──────── Data under study ────────
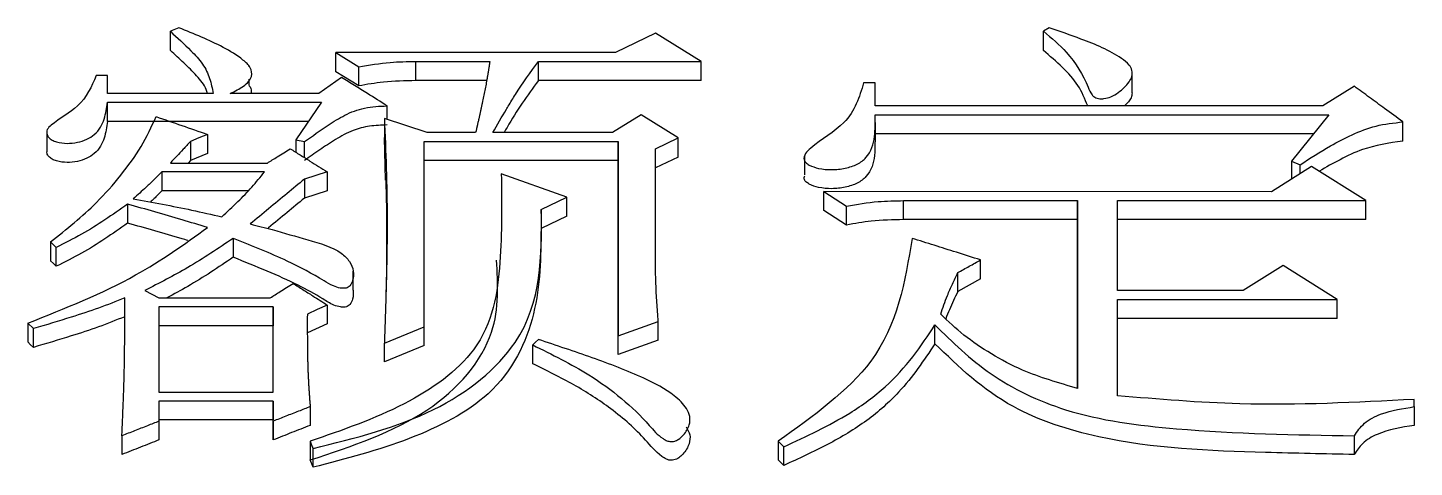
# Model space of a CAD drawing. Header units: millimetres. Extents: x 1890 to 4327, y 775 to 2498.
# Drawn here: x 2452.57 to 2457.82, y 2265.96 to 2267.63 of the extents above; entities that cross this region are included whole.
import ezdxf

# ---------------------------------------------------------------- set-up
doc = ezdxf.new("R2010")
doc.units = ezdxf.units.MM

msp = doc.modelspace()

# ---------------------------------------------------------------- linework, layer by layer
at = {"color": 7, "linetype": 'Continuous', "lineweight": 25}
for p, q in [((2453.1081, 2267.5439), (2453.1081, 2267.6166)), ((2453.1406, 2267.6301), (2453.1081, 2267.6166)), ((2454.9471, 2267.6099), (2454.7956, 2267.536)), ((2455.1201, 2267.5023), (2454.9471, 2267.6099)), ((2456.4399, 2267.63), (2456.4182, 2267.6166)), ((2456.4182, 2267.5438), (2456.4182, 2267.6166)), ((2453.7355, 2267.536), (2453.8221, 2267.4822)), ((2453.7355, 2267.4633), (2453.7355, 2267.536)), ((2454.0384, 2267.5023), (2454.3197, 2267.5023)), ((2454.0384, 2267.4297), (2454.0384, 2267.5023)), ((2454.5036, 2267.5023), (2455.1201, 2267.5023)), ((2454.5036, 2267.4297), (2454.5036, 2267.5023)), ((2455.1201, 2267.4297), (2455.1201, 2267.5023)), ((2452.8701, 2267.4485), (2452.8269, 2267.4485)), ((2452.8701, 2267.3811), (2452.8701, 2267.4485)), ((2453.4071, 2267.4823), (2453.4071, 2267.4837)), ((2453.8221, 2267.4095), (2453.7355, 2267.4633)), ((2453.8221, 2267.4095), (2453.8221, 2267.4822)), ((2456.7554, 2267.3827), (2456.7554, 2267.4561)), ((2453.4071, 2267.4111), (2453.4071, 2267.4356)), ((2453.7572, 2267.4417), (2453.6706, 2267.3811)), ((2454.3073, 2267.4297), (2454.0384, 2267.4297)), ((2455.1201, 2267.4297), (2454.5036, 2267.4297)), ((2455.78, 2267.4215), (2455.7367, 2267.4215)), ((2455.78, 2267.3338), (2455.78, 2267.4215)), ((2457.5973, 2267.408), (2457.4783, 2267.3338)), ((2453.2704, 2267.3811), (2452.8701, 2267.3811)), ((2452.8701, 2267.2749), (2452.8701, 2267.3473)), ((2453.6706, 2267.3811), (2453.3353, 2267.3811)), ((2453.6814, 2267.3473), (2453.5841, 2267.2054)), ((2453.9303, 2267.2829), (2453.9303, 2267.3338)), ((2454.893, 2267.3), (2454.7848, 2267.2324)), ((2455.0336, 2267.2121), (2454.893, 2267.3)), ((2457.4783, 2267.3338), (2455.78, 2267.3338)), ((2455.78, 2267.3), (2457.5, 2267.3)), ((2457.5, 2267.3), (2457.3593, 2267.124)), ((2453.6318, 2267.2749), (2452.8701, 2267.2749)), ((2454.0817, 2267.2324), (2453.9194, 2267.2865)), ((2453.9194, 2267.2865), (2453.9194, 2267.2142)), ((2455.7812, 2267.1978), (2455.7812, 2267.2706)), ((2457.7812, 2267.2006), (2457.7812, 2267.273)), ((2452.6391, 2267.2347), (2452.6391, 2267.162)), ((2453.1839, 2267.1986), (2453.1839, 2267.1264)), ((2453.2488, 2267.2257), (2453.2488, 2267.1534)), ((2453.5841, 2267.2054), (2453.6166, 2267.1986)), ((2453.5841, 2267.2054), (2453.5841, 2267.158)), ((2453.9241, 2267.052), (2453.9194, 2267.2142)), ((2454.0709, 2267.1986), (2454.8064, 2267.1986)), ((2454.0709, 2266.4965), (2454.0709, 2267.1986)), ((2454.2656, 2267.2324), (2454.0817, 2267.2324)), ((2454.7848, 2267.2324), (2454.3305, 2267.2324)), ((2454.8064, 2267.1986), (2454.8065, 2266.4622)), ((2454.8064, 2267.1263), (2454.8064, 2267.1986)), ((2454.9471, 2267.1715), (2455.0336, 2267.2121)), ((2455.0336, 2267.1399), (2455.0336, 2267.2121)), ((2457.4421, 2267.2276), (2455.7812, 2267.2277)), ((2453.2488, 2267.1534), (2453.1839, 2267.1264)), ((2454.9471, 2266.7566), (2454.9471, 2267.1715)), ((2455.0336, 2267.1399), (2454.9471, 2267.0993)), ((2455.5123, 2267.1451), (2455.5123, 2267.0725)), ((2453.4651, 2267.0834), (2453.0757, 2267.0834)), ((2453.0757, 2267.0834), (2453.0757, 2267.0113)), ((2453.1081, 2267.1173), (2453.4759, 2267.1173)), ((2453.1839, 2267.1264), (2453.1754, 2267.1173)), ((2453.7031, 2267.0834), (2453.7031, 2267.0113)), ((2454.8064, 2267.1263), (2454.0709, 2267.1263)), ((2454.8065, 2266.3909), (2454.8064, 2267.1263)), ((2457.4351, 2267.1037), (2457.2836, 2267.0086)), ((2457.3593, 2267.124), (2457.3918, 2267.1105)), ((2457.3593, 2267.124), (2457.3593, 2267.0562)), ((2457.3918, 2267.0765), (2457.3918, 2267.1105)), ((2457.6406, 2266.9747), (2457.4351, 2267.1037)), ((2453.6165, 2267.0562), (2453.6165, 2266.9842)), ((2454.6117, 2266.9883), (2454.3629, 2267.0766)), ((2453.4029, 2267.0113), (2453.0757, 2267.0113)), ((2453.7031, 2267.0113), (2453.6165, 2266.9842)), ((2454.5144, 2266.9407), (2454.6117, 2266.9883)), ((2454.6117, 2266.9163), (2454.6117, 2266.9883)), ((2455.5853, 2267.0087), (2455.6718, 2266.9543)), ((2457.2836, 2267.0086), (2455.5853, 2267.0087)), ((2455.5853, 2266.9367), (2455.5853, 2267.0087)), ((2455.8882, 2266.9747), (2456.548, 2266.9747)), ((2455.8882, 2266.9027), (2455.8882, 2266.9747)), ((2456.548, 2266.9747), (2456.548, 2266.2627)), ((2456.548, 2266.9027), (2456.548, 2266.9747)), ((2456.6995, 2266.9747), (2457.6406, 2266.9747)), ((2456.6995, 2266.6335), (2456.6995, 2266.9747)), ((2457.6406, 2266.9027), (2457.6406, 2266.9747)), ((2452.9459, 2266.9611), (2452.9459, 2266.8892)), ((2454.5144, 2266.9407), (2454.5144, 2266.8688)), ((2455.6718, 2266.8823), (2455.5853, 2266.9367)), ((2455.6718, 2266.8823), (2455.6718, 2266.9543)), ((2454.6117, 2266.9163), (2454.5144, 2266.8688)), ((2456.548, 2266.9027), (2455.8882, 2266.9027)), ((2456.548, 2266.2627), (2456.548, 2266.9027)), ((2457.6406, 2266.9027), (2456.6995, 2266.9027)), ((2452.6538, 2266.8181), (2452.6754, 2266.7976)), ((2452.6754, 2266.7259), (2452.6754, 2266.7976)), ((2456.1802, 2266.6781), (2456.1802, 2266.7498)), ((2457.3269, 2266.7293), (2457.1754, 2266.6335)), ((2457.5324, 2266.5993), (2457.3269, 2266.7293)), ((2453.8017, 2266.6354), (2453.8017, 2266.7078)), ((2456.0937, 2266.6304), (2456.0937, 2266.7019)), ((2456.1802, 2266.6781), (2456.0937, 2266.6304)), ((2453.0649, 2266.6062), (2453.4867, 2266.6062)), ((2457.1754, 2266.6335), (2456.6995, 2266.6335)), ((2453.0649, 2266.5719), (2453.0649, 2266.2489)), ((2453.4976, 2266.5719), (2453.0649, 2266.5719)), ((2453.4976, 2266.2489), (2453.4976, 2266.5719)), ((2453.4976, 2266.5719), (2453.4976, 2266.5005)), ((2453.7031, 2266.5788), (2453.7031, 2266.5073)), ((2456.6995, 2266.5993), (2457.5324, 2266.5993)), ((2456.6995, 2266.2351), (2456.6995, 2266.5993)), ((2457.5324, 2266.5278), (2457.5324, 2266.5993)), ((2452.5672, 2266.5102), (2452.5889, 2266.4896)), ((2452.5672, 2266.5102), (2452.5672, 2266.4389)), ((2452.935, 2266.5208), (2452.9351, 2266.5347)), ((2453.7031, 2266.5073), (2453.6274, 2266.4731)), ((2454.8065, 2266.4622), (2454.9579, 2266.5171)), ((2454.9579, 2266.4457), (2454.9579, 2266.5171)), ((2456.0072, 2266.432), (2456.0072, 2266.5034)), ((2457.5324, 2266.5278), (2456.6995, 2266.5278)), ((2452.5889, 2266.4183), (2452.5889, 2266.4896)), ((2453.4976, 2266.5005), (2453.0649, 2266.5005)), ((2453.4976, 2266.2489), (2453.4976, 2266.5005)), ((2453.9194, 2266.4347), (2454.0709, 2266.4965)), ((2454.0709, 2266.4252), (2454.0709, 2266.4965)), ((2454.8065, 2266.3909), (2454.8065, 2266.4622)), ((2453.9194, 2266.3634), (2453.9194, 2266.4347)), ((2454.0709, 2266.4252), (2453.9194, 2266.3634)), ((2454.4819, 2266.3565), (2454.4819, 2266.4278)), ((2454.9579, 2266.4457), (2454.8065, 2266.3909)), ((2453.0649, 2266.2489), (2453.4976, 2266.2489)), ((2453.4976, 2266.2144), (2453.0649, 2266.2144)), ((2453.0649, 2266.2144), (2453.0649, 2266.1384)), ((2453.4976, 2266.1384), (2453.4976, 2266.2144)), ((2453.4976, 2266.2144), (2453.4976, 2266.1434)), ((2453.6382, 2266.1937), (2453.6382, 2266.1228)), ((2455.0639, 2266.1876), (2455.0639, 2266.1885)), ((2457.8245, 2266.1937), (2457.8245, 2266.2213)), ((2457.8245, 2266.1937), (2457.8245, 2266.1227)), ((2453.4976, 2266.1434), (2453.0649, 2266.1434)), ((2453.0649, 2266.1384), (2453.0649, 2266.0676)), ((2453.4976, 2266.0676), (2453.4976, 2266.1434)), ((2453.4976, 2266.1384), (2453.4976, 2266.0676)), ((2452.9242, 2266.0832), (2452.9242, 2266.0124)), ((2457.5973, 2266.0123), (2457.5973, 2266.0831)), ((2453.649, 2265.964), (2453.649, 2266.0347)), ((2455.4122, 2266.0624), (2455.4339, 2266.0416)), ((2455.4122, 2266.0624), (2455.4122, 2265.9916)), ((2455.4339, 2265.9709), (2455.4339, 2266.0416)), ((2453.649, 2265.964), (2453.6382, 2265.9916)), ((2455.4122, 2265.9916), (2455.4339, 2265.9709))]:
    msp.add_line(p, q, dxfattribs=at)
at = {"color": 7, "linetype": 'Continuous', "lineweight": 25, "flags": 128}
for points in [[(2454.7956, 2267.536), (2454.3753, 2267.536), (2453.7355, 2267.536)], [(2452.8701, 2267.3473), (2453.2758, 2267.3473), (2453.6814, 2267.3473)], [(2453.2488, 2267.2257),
────────
● Exercise: Nothing but a number should be given: how many lines in the records hold the word "lineweight".

● Exercise output: 2